Отец смотрит на меня с подозрением.

— Так, какого хера? Что за допрос?

— Так любишь или нет? — не отстаю я.

— Саня, девять лет прошло. О чем ты вообще говоришь?

— То есть любишь его уже девять лет? — поражаюсь я.

— Это в прошлом, — настаивает отец.

— Да. Только ты из-за этого прошлого целых девять лет хранишь целибат! И он был единственным, кого ты познакомил со мной! — кидаюсь я только что узнанными фактами.

— Мне тогда было двадцать семь, а ему двадцать. Я его изначально и всерьез-то не воспринимал, — разводит батя руками. — Думал, покажу сына, и парнишка сам отвалится, — смеется отец. — С остальными так и происходило. А показать было достаточно фотки. Что парням, что девушкам. Так что Саша мне запомнился, ибо он единственный, кто действительно испытывал ко мне сильные чувства. И единственный не только не испугался моего сына, но еще и подружился с ним. Он меня поразил. А я разбил ему сердце и не горжусь этим.

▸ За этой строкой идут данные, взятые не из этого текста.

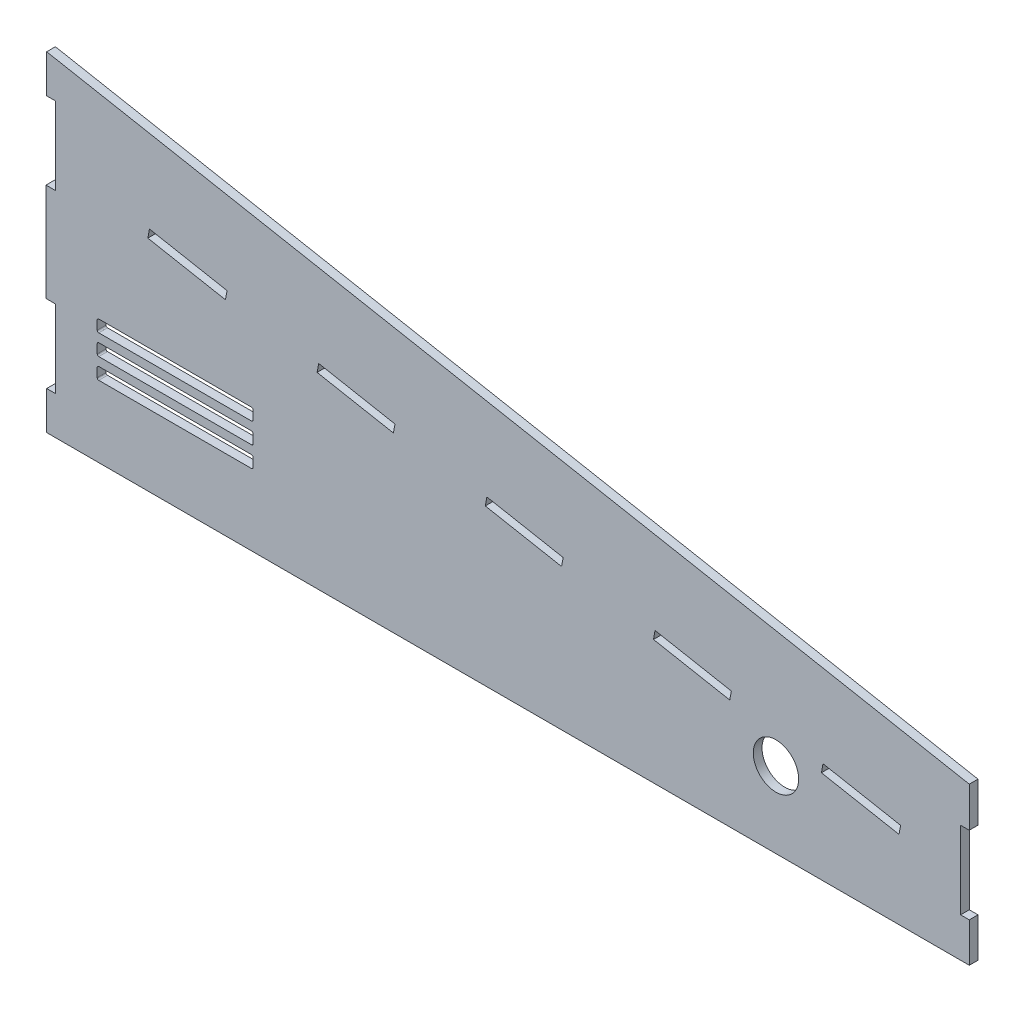
SolidWorks part; units mm, degrees
ref_plane "Front Plane" through (0, 0, 0) normal (0, 0, 1) x (1, 0, 0)
ref_plane "Top Plane" through (0, 0, 0) normal (0, 1, 0) x (1, 0, 0)
ref_plane "Right Plane" through (0, 0, 0) normal (1, 0, 0) x (0, 0, -1)
sketch "Sketch1" plane through (0, 0, 0) normal (0, 0, 1) x (1, 0, 0)
  line L5 (-159.8365, 166.0529) -> (-154.1365, 166.0529)
  line L6 (-159.8365, 0.1529) -> (-154.1365, 0.1529)
  line L9 (-154.1365, 0.1529) -> (-154.1365, 50.9529)
  line L10 (-159.8365, -24.8471) -> (-159.8365, 0.1529)
  line L11 (-154.1365, 50.9529) -> (-160.286, 50.9529)
  line L13 (-159.8365, 83.1029) -> (415.8968, 83.1029) construction
  line L14 (-154.1365, 115.2529) -> (-160.286, 115.2529)
  line L15 (-154.1365, 166.0529) -> (-154.1365, 115.2529)
  line L17 (-160.286, 115.2529) -> (-160.286, 50.9529)
  line L18 (-159.8365, 166.0529) -> (-159.8365, 191.0529)
  line L25 (144.9635, -24.8471) -> (144.9635, 133.9029) construction
  line L27 (-159.8365, 191.0529) -> (444.0635, 77.8217)
  line L29 (-159.8365, -24.8471) -> (444.0635, -24.8471)
  line L32 (444.0635, 51.6994) -> (444.0635, 77.8217)
  line L34 (444.0635, 51.6994) -> (438.3635, 51.6994)
  line L36 (438.3635, 51.6994) -> (438.3635, 0.8994)
  line L39 (444.0635, 0.8994) -> (438.3635, 0.8994)
  line L41 (444.0635, 0.8994) -> (444.0635, -24.8471)
  point P0 (0, 0)
  point P27 (438.3635, 26.2994)
  point P48 (144.9635, -18.7987)
  dimension "D2" = 25
  dimension "D3" = 5.7
  dimension "D4" = 5.7
  dimension "D5" = 215.9
  dimension "D6" = 107.95
  dimension "D7" = 50.8
extrude "Boss-Extrude1" add sketch "Sketch1" along normal blind 5.7
sketch "Sketch2" plane through (0, 0, 5.7) normal (0, 0, 1) x (1, 0, 0)
  line L0 (287.2612, 47.1294) -> (288.3117, 52.7318)
  line L1 (-154.1365, 166.0529) -> (-154.1365, 115.2529) construction
  line L3 (317.5237, 44.3547) -> (328.9237, 44.3547) construction
  line L4 (177.1791, 67.7705) -> (178.2296, 73.3729)
  line L6 (-92.5649, 124.199) -> (-41.7649, 114.6737)
  line L8 (144.7387, 76.7529) -> (-154.1365, 132.7939) construction
  line L9 (317.5237, 44.3547) -> (317.5237, 24.8466) construction
  line L12 (18.2176, 103.3761) -> (68.1475, 94.0139)
  line L14 (-24.7561, 42.1515) -> (-24.7561, 36.3014)
  line L15 (127.2493, 77.1326) -> (128.2997, 82.735)
  line L17 (153.2647, 78.0539) -> (152.7394, 75.2527) construction
  line L18 (348.3126, 41.5318) -> (347.2529, 35.8806)
  line L20 (-160.286, 115.2529) -> (-160.286, 50.9529) construction
  line L21 (238.3819, 62.0939) -> (237.3314, 56.4916)
  line L22 (288.3117, 52.7318) -> (238.3819, 62.0939)
  line L24 (347.2529, 35.8806) -> (398.0529, 26.3553)
  line L26 (399.1126, 32.0065) -> (348.3126, 41.5318)
  line L29 (287.2612, 47.1294) -> (237.3314, 56.4916)
  line L31 (17.1672, 97.7737) -> (67.097, 88.4116)
  line L32 (-93.6337, 118.499) -> (-42.8337, 108.9737)
  line L33 (398.0529, 26.3553) -> (399.1126, 32.0065)
  line L34 (128.2997, 82.735) -> (178.2296, 73.3729)
  line L35 (127.2493, 77.1326) -> (177.1791, 67.7705)
  line L36 (152.2142, 72.4516) -> (153.2647, 78.0539) construction
  line L37 (17.1672, 97.7737) -> (18.2176, 103.3761)
  line L38 (68.1475, 94.0139) -> (67.097, 88.4116)
  line L39 (-92.5649, 124.199) -> (-93.6337, 118.499)
  line L40 (-42.8337, 108.9737) -> (-41.7649, 114.6737)
  line L41 (-25.7561, 56.6041) -> (-125.7561, 56.6041)
  line L42 (-126.7561, 55.6041) -> (-126.7561, 49.7539)
  line L43 (-125.7561, 48.7539) -> (-25.7561, 48.7539)
  line L44 (-24.7561, 49.7539) -> (-24.7561, 55.6041)
  line L45 (-137.797, 45.9527) -> (-137.797, 48.7539) construction
  line L46 (-137.797, 45.9527) -> (-160.286, 45.9527) construction
  line L47 (-125.7561, 43.1515) -> (-25.7561, 43.1515)
  line L48 (-126.7561, 36.3014) -> (-126.7561, 42.1515)
  line L49 (-25.7561, 35.3014) -> (-125.7561, 35.3014)
  line L50 (-75.7561, 35.3014) -> (-75.7561, 32.5002) construction
  line L51 (-75.7561, 32.5002) -> (-160.286, 32.5002) construction
  line L52 (-25.7561, 29.699) -> (-125.7561, 29.699)
  line L53 (-126.7561, 28.699) -> (-126.7561, 22.8488)
  line L54 (-125.7561, 21.8488) -> (-25.7561, 21.8488)
  line L55 (-24.7561, 22.8488) -> (-24.7561, 28.699)
  circle A2 centre (317.5237, 24.8466) radius 14.85
  arc A3 (-25.7561, 56.6041) -> (-24.7561, 55.6041) centre (-25.7561, 55.6041) cw
  arc A4 (-25.7561, 48.7539) -> (-24.7561, 49.7539) centre (-25.7561, 49.7539) ccw
  arc A5 (-125.7561, 56.6041) -> (-126.7561, 55.6041) centre (-125.7561, 55.6041) ccw
  arc A6 (-126.7561, 49.7539) -> (-125.7561, 48.7539) centre (-125.7561, 49.7539) ccw
  arc A7 (-126.7561, 42.1515) -> (-125.7561, 43.1515) centre (-125.7561, 42.1515) cw
  arc A8 (-125.7561, 35.3014) -> (-126.7561, 36.3014) centre (-125.7561, 36.3014) cw
  arc A9 (-25.7561, 43.1515) -> (-24.7561, 42.1515) centre (-25.7561, 42.1515) cw
  arc A10 (-25.7561, 35.3014) -> (-24.7561, 36.3014) centre (-25.7561, 36.3014) ccw
  arc A11 (-25.7561, 29.699) -> (-24.7561, 28.699) centre (-25.7561, 28.699) cw
  arc A12 (-25.7561, 21.8488) -> (-24.7561, 22.8488) centre (-25.7561, 22.8488) ccw
  arc A13 (-125.7561, 29.699) -> (-126.7561, 28.699) centre (-125.7561, 28.699) ccw
  arc A14 (-126.7561, 22.8488) -> (-125.7561, 21.8488) centre (-125.7561, 22.8488) ccw
  point P39 (-24.7561, 56.6041)
  point P49 (-126.7561, 56.6041)
  point P65 (-126.7561, 35.3014)
  point P66 (-24.7561, 35.3014)
  point P82 (-24.7561, 29.699)
  point P83 (-126.7561, 29.699)
  dimension "D2" = 29.7
  dimension "D3" = 1
  dimension "D4" = 50.8
  dimension "D5" = 2.8012
  dimension "D6" = 2.8012
  dimension "D7" = 100
  dimension "D10" = 50.8
  dimension "D13" = 25.4
extrude "Cut-Extrude1" cut sketch "Sketch2" against normal through all

— А если бы вы встретились сейчас, ты бы с ним замутил? — продолжаю я допытываться до бати.

— Ты чего добиваешься? — вскидывает он брови. — Чем лезть в мое прошлое, расскажи-ка про свое настоящее. Что за пацан превратил моего сына в Горца?

— В кого? — недоумеваю я.

— Старый сериал. Я когда подростком был, фанател по нему. Горцы — это бессмертные. Но их бессмертие проявлялось, только если их насильственно убивали. Иначе они проживали жизнь и умирали от старости, как обычные смертные. Вот и ты такой же. Ходил себе натуралом и бед не знал. Ну, а потом… Тебя «насильственно убили».

Очень точное описание.

— А можно картошку? — начинаю я клянчить. Стресс ушел, аппетит вернулся, и я понимаю, насколько хочу жрать.

Отец, улыбаясь, ставит передо мной на доску сковородку. Вручает вилку. Второй вооружается сам.

— Вообще там в духовке еще курица. Но будет готова минут через двадцать, — говорит батя, цепляя кусок картошки.

— Мы и до нее доберемся, — улыбаюсь я, чувствую, как напряжение уходит и его место занимает эйфория облегчения. Как же хорошо, что у меня такой понимающий отец. И то, как мы с ним похожи не только внешне, но и внутренне.

— Давай не тяни. Вещай про свою очередную любовь всей жизни, — подгоняет меня батя. И я рассказываю все, начиная от закидонов Дитриха раскладывать ручки по парте, заканчивая его навыками в поцелуях. Но где-то на подкорке думаю совсем не о том. Александр Миронов, значит? Шурик? Надо бы его отыскать.